*Required action*.
Transcribe only the lines of the listing below from the one holding "#12840 = CARTESIAN_POINT" through the one holding "#21236 = ORIENTED_EDGE", inclusive, without any change.

*Provided material*.
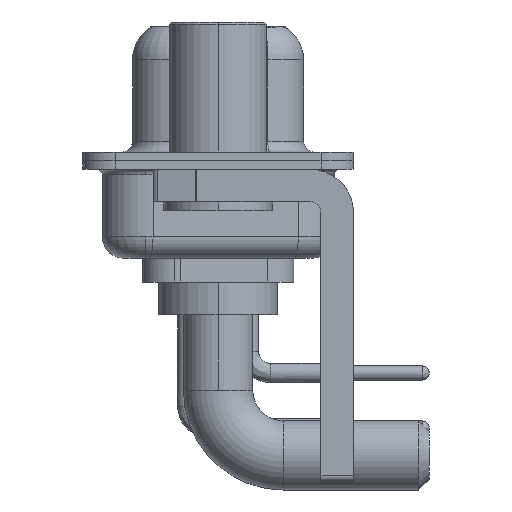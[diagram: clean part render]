
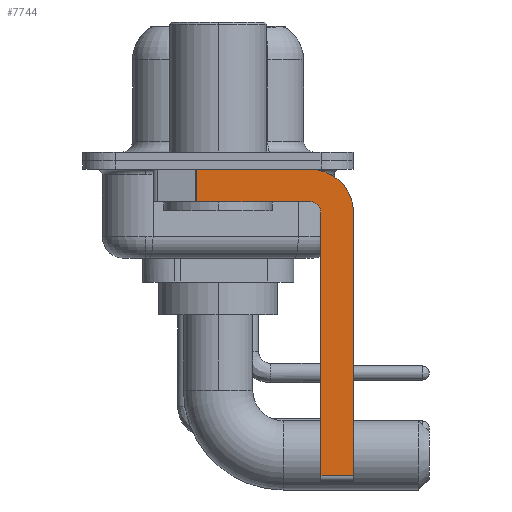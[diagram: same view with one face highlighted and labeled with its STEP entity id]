
A CAD part, left-side view. The second image highlights one B-rep face of the part: STEP entity #7744.
In plain terms, the highlighted planar face has unit normal (-1, 0, 0).
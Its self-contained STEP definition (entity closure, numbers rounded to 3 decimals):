
#301 = CARTESIAN_POINT ( 'NONE',  ( -2.9, -4.25, -1.9 ) ) ;
#2197 = AXIS2_PLACEMENT_3D ( 'NONE', #2914, #11553, #2803 ) ;
#2278 = EDGE_CURVE ( 'NONE', #17712, #15524, #2846, .T. ) ;
#2558 = VERTEX_POINT ( 'NONE', #18334 ) ;
#2803 = DIRECTION ( 'NONE',  ( 0., 0., -1. ) ) ;
#2846 = LINE ( 'NONE', #19166, #20012 ) ;
#2914 = CARTESIAN_POINT ( 'NONE',  ( -2.9, -4.25, -2.4 ) ) ;
#3081 = CARTESIAN_POINT ( 'NONE',  ( -2.9, -6.25, -2.4 ) ) ;
#3293 = CARTESIAN_POINT ( 'NONE',  ( -2.9, -4.75, -2.4 ) ) ;
#3415 = EDGE_CURVE ( 'NONE', #4111, #4124, #22748, .T. ) ;
#3522 = VECTOR ( 'NONE', #6380, 1000. ) ;
#3741 = DIRECTION ( 'NONE',  ( 0., 0., 1. ) ) ;
#4111 = VERTEX_POINT ( 'NONE', #21119 ) ;
#4124 = VERTEX_POINT ( 'NONE', #17929 ) ;
#4133 = ORIENTED_EDGE ( 'NONE', *, *, #18154, .F. ) ;
#4279 = DIRECTION ( 'NONE',  ( 1., 0., 0. ) ) ;
#4443 = VERTEX_POINT ( 'NONE', #6061 ) ;
#6040 = VERTEX_POINT ( 'NONE', #3293 ) ;
#6061 = CARTESIAN_POINT ( 'NONE',  ( -2.9, -4.25, -1.9 ) ) ;
#6380 = DIRECTION ( 'NONE',  ( 0., 0., -1. ) ) ;
#6501 = LINE ( 'NONE', #3081, #3522 ) ;
#6614 = EDGE_CURVE ( 'NONE', #4443, #2558, #16496, .T. ) ;
#7676 = DIRECTION ( 'NONE',  ( 0., 0., -1. ) ) ;
#7744 = ADVANCED_FACE ( 'NONE', ( #22442 ), #9880, .F. ) ;
#8255 = DIRECTION ( 'NONE',  ( 0., 0., 1. ) ) ;
#8391 = DIRECTION ( 'NONE',  ( 0., -1., 0. ) ) ;
#8550 = EDGE_CURVE ( 'NONE', #8887, #2558, #9691, .T. ) ;
#8834 = AXIS2_PLACEMENT_3D ( 'NONE', #15718, #11934, #8255 ) ;
#8887 = VERTEX_POINT ( 'NONE', #12840 ) ;
#9218 = VECTOR ( 'NONE', #12478, 1000. ) ;
#9691 = LINE ( 'NONE', #22242, #17273 ) ;
#9880 = PLANE ( 'NONE',  #2197 ) ;
#9894 = AXIS2_PLACEMENT_3D ( 'NONE', #16573, #4279, #18711 ) ;
#11553 = DIRECTION ( 'NONE',  ( 1., 0., 0. ) ) ;
#11755 = LINE ( 'NONE', #17092, #15927 ) ;
#11934 = DIRECTION ( 'NONE',  ( -1., 0., 0. ) ) ;
#12230 = CIRCLE ( 'NONE', #8834, 0.5 ) ;
#12478 = DIRECTION ( 'NONE',  ( 0., 1., 0. ) ) ;
#12840 = CARTESIAN_POINT ( 'NONE',  ( -2.9, 0.978, -0.4 ) ) ;
#12843 = LINE ( 'NONE', #19949, #19817 ) ;
#13032 = ORIENTED_EDGE ( 'NONE', *, *, #22491, .F. ) ;
#15022 = ORIENTED_EDGE ( 'NONE', *, *, #8550, .T. ) ;
#15524 = VERTEX_POINT ( 'NONE', #18592 ) ;
#15584 = EDGE_CURVE ( 'NONE', #4124, #15524, #6501, .T. ) ;
#15718 = CARTESIAN_POINT ( 'NONE',  ( -2.9, -4.25, -2.4 ) ) ;
#15927 = VECTOR ( 'NONE', #16969, 1000. ) ;
#16496 = LINE ( 'NONE', #301, #9218 ) ;
#16573 = CARTESIAN_POINT ( 'NONE',  ( -2.9, -4.25, -2.4 ) ) ;
#16969 = DIRECTION ( 'NONE',  ( 0., -1., 0. ) ) ;
#17092 = CARTESIAN_POINT ( 'NONE',  ( -2.9, 3., -0.4 ) ) ;
#17273 = VECTOR ( 'NONE', #7676, 1000. ) ;
#17712 = VERTEX_POINT ( 'NONE', #22126 ) ;
#17929 = CARTESIAN_POINT ( 'NONE',  ( -2.9, -6.25, -2.4 ) ) ;
#18154 = EDGE_CURVE ( 'NONE', #6040, #4443, #12230, .T. ) ;
#18334 = CARTESIAN_POINT ( 'NONE',  ( -2.9, 0.978, -1.9 ) ) ;
#18459 = ORIENTED_EDGE ( 'NONE', *, *, #6614, .F. ) ;
#18592 = CARTESIAN_POINT ( 'NONE',  ( -2.9, -6.25, -14.55 ) ) ;
#18620 = EDGE_CURVE ( 'NONE', #17712, #6040, #12843, .T. ) ;
#18711 = DIRECTION ( 'NONE',  ( 0., 0., -1. ) ) ;
#19166 = CARTESIAN_POINT ( 'NONE',  ( -2.9, -4.25, -14.55 ) ) ;
#19817 = VECTOR ( 'NONE', #3741, 1000. ) ;
#19949 = CARTESIAN_POINT ( 'NONE',  ( -2.9, -4.75, -14.8 ) ) ;
#20012 = VECTOR ( 'NONE', #8391, 1000. ) ;
#20580 = EDGE_LOOP ( 'NONE', ( #13032, #15022, #18459, #4133, #21236, #21559, #21517, #22722 ) ) ;
#21119 = CARTESIAN_POINT ( 'NONE',  ( -2.9, -4.25, -0.4 ) ) ;
#21236 = ORIENTED_EDGE ( 'NONE', *, *, #18620, .F. ) ;
#21517 = ORIENTED_EDGE ( 'NONE', *, *, #15584, .F. ) ;
#21559 = ORIENTED_EDGE ( 'NONE', *, *, #2278, .T. ) ;
#22126 = CARTESIAN_POINT ( 'NONE',  ( -2.9, -4.75, -14.55 ) ) ;
#22242 = CARTESIAN_POINT ( 'NONE',  ( -2.9, 0.978, -1.9 ) ) ;
#22442 = FACE_OUTER_BOUND ( 'NONE', #20580, .T. ) ;
#22491 = EDGE_CURVE ( 'NONE', #8887, #4111, #11755, .T. ) ;
#22722 = ORIENTED_EDGE ( 'NONE', *, *, #3415, .F. ) ;
#22748 = CIRCLE ( 'NONE', #9894, 2. ) ;

*Solved exercise*.
#12840 = CARTESIAN_POINT ( 'NONE',  ( -2.9, 0.978, -0.4 ) ) ;
#12843 = LINE ( 'NONE', #19949, #19817 ) ;
#13032 = ORIENTED_EDGE ( 'NONE', *, *, #22491, .F. ) ;
#15022 = ORIENTED_EDGE ( 'NONE', *, *, #8550, .T. ) ;
#15524 = VERTEX_POINT ( 'NONE', #18592 ) ;
#15584 = EDGE_CURVE ( 'NONE', #4124, #15524, #6501, .T. ) ;
#15718 = CARTESIAN_POINT ( 'NONE',  ( -2.9, -4.25, -2.4 ) ) ;
#15927 = VECTOR ( 'NONE', #16969, 1000. ) ;
#16496 = LINE ( 'NONE', #301, #9218 ) ;
#16573 = CARTESIAN_POINT ( 'NONE',  ( -2.9, -4.25, -2.4 ) ) ;
#16969 = DIRECTION ( 'NONE',  ( 0., -1., 0. ) ) ;
#17092 = CARTESIAN_POINT ( 'NONE',  ( -2.9, 3., -0.4 ) ) ;
#17273 = VECTOR ( 'NONE', #7676, 1000. ) ;
#17712 = VERTEX_POINT ( 'NONE', #22126 ) ;
#17929 = CARTESIAN_POINT ( 'NONE',  ( -2.9, -6.25, -2.4 ) ) ;
#18154 = EDGE_CURVE ( 'NONE', #6040, #4443, #12230, .T. ) ;
#18334 = CARTESIAN_POINT ( 'NONE',  ( -2.9, 0.978, -1.9 ) ) ;
#18459 = ORIENTED_EDGE ( 'NONE', *, *, #6614, .F. ) ;
#18592 = CARTESIAN_POINT ( 'NONE',  ( -2.9, -6.25, -14.55 ) ) ;
#18620 = EDGE_CURVE ( 'NONE', #17712, #6040, #12843, .T. ) ;
#18711 = DIRECTION ( 'NONE',  ( 0., 0., -1. ) ) ;
#19166 = CARTESIAN_POINT ( 'NONE',  ( -2.9, -4.25, -14.55 ) ) ;
#19817 = VECTOR ( 'NONE', #3741, 1000. ) ;
#19949 = CARTESIAN_POINT ( 'NONE',  ( -2.9, -4.75, -14.8 ) ) ;
#20012 = VECTOR ( 'NONE', #8391, 1000. ) ;
#20580 = EDGE_LOOP ( 'NONE', ( #13032, #15022, #18459, #4133, #21236, #21559, #21517, #22722 ) ) ;
#21119 = CARTESIAN_POINT ( 'NONE',  ( -2.9, -4.25, -0.4 ) ) ;
#21236 = ORIENTED_EDGE ( 'NONE', *, *, #18620, .F. ) ;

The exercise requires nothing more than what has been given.